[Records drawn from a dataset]
============================================================

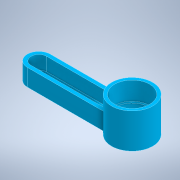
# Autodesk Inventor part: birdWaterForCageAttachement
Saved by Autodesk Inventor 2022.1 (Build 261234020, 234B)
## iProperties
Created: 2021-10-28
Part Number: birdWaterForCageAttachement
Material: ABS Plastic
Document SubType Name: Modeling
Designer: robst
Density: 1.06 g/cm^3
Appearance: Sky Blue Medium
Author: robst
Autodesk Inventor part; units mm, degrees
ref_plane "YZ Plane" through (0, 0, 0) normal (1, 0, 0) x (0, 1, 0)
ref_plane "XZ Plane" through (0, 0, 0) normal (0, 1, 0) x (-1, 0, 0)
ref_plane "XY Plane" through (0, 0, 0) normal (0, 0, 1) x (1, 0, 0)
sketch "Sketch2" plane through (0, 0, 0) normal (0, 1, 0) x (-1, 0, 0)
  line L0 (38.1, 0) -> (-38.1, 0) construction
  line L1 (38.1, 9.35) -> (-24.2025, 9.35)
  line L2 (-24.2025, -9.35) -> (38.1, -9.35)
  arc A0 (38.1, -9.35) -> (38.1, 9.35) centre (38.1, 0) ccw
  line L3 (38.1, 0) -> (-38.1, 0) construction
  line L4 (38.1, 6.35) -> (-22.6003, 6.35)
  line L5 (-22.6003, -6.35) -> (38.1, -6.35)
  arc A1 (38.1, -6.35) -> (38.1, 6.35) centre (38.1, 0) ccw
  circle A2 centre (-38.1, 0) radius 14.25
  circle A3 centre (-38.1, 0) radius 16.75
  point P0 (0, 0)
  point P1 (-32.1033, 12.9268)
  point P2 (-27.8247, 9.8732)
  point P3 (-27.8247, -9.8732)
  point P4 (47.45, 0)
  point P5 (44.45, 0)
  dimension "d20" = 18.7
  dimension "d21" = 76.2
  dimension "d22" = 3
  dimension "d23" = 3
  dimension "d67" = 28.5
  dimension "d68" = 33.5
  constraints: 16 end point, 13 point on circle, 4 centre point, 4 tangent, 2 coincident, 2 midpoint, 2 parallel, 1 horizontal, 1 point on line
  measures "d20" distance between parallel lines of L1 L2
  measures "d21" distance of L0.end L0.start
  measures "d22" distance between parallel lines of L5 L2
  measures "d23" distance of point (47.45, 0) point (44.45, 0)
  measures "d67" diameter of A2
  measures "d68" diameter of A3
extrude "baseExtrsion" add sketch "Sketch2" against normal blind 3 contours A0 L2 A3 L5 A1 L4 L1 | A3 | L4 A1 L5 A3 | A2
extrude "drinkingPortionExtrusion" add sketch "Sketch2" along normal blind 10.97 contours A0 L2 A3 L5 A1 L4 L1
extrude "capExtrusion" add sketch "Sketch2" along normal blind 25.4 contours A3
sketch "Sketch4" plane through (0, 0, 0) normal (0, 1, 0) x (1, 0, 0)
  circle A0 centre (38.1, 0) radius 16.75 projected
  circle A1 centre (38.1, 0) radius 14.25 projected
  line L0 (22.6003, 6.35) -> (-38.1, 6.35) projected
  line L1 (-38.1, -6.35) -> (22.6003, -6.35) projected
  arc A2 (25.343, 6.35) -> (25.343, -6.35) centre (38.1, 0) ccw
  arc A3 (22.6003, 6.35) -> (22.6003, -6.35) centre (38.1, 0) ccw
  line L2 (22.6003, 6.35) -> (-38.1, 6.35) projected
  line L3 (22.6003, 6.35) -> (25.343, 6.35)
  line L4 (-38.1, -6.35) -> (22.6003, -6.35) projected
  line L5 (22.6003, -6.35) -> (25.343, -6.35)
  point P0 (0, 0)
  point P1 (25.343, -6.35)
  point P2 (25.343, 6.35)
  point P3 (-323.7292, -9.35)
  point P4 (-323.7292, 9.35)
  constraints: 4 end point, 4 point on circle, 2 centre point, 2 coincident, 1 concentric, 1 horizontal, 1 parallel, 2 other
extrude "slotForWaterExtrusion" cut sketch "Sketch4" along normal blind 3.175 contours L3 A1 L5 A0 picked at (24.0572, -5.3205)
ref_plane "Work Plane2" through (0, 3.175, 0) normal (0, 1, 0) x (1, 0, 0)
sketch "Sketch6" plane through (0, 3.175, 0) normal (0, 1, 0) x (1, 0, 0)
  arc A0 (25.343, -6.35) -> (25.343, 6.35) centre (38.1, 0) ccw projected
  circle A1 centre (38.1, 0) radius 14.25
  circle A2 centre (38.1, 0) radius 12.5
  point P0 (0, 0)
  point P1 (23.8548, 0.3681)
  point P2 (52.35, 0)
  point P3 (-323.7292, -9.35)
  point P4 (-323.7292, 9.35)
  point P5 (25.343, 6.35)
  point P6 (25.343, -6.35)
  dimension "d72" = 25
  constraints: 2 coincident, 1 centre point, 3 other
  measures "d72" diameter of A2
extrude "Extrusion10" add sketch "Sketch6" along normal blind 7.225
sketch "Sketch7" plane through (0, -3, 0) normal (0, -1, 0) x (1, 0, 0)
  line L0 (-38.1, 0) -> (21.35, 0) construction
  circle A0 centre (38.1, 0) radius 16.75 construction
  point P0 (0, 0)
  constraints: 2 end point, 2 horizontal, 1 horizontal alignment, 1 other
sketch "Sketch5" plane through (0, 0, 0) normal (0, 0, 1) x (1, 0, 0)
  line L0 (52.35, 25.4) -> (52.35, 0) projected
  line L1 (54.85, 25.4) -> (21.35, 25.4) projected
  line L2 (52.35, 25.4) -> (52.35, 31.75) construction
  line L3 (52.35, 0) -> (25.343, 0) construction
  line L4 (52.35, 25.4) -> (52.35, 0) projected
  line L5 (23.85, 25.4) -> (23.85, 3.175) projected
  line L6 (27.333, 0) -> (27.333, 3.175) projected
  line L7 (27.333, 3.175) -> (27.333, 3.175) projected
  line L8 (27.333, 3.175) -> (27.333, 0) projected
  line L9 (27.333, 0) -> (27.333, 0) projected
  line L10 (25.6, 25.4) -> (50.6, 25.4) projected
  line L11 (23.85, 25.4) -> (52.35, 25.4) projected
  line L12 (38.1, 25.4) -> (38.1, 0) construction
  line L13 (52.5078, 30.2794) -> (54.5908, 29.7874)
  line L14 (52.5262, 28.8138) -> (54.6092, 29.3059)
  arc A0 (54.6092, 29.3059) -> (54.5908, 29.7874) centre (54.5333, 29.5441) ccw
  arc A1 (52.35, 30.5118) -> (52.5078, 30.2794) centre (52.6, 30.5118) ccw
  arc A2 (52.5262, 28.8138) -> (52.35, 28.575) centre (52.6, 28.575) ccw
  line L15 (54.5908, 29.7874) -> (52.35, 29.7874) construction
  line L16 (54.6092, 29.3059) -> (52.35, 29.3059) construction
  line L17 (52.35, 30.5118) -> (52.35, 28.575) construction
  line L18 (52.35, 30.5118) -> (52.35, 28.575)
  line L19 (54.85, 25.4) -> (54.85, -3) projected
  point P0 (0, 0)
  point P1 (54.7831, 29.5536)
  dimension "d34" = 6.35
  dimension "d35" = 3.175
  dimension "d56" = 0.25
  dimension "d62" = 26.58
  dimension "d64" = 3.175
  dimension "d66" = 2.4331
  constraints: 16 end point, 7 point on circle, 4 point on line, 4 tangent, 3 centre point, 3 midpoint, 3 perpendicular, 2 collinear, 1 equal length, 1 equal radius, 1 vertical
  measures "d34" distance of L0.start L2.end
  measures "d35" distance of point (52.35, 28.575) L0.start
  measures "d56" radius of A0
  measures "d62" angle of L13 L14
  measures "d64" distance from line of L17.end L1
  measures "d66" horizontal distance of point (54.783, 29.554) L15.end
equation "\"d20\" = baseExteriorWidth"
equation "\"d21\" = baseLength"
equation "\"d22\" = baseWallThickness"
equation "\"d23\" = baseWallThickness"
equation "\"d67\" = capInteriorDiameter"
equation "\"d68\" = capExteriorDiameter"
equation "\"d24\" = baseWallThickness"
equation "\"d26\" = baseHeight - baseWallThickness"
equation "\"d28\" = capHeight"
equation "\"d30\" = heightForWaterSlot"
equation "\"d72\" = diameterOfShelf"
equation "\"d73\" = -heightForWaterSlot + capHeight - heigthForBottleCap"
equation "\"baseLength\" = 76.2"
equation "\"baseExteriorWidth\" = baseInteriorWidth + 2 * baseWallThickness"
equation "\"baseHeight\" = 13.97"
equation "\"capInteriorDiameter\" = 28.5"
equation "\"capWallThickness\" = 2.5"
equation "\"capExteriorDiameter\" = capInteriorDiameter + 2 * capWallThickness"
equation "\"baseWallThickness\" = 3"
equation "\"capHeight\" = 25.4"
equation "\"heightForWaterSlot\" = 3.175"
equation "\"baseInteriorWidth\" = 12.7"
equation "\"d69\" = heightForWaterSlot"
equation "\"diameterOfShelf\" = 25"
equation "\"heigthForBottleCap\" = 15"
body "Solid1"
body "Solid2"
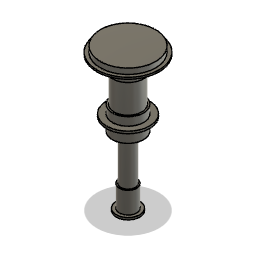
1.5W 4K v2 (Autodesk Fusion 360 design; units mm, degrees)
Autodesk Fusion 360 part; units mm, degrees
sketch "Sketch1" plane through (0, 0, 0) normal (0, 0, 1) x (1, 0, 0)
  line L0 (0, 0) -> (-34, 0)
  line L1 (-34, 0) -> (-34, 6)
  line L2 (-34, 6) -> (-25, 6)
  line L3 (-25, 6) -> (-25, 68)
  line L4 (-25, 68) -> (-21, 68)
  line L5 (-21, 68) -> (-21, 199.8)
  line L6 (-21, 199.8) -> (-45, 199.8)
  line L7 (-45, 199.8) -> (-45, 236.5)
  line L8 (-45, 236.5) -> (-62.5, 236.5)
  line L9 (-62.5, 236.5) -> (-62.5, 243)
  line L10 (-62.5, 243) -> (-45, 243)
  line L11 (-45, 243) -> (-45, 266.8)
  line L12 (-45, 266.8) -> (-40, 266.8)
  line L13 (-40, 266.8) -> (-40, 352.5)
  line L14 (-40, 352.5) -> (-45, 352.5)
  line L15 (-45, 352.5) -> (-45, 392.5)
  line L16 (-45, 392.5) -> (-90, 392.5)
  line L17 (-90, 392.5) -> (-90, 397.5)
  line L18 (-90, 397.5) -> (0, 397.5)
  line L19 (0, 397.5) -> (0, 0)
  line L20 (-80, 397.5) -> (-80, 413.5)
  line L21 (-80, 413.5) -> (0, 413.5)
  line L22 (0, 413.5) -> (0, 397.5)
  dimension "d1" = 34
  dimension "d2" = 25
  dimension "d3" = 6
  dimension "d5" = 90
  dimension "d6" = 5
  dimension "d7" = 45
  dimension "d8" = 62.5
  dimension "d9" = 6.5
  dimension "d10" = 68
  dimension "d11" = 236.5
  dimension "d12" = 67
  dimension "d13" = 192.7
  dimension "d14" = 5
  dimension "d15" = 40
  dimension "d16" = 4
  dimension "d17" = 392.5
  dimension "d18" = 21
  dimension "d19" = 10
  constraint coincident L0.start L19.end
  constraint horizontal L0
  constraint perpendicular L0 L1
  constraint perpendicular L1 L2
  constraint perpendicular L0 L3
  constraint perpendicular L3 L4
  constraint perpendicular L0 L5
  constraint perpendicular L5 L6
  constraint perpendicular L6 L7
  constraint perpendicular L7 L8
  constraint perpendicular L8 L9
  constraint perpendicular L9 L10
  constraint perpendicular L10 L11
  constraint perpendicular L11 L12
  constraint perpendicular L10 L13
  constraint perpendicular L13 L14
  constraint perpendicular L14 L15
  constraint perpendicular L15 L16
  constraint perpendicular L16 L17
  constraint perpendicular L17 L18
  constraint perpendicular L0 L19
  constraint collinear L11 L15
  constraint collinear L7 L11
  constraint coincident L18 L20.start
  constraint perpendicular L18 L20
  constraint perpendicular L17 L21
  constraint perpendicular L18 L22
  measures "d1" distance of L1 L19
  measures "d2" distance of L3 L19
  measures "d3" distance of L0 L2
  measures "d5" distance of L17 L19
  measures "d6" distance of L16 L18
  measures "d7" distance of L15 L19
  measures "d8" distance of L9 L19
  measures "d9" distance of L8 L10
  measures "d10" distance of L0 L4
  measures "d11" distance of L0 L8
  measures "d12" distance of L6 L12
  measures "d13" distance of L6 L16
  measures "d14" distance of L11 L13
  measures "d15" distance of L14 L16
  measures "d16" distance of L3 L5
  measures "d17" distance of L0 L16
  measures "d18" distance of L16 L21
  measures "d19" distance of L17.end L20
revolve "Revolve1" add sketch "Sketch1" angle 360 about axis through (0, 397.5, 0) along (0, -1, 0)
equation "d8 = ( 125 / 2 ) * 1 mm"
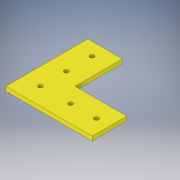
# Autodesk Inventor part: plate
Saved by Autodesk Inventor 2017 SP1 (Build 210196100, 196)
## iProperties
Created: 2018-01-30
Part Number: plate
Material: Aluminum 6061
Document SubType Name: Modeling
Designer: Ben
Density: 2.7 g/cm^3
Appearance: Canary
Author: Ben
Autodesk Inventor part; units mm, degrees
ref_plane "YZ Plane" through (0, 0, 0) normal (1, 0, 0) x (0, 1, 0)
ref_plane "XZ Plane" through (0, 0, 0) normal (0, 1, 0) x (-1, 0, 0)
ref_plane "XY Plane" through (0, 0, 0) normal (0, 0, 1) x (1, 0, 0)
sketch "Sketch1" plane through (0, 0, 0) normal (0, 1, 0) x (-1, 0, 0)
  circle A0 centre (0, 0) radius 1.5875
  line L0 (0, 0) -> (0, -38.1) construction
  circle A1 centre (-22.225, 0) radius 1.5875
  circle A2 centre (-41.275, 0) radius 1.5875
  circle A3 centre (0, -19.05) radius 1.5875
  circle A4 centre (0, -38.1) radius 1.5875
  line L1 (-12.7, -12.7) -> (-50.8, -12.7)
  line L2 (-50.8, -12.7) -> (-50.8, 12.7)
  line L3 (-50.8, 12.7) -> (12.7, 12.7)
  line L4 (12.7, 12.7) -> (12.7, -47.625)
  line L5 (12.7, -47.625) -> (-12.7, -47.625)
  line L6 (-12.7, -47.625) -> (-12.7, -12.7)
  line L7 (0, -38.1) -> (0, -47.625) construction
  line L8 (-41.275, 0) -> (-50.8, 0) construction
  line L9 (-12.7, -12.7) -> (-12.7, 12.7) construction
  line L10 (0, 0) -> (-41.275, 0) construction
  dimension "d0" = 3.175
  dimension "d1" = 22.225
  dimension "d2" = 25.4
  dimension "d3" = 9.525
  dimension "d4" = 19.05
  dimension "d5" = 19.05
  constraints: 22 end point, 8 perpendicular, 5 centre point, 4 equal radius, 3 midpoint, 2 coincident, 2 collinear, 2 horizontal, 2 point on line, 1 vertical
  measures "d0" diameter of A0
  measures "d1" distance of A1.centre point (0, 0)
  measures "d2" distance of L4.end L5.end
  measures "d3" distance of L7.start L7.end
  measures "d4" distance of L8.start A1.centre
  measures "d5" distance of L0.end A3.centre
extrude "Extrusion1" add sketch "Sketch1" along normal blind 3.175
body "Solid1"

============================================================

> [What you will do]: Starting with the line with "Part Number: plate" above and going on through the line with "line L6 (-12.7, -47.625) -> (-12.7, -12.7)", transcribe every line exactly, both ends included, and add nothing.

> [Output of the exercise]:
Part Number: plate
Material: Aluminum 6061
Document SubType Name: Modeling
Designer: Ben
Density: 2.7 g/cm^3
Appearance: Canary
Author: Ben
Autodesk Inventor part; units mm, degrees
ref_plane "YZ Plane" through (0, 0, 0) normal (1, 0, 0) x (0, 1, 0)
ref_plane "XZ Plane" through (0, 0, 0) normal (0, 1, 0) x (-1, 0, 0)
ref_plane "XY Plane" through (0, 0, 0) normal (0, 0, 1) x (1, 0, 0)
sketch "Sketch1" plane through (0, 0, 0) normal (0, 1, 0) x (-1, 0, 0)
  circle A0 centre (0, 0) radius 1.5875
  line L0 (0, 0) -> (0, -38.1) construction
  circle A1 centre (-22.225, 0) radius 1.5875
  circle A2 centre (-41.275, 0) radius 1.5875
  circle A3 centre (0, -19.05) radius 1.5875
  circle A4 centre (0, -38.1) radius 1.5875
  line L1 (-12.7, -12.7) -> (-50.8, -12.7)
  line L2 (-50.8, -12.7) -> (-50.8, 12.7)
  line L3 (-50.8, 12.7) -> (12.7, 12.7)
  line L4 (12.7, 12.7) -> (12.7, -47.625)
  line L5 (12.7, -47.625) -> (-12.7, -47.625)
  line L6 (-12.7, -47.625) -> (-12.7, -12.7)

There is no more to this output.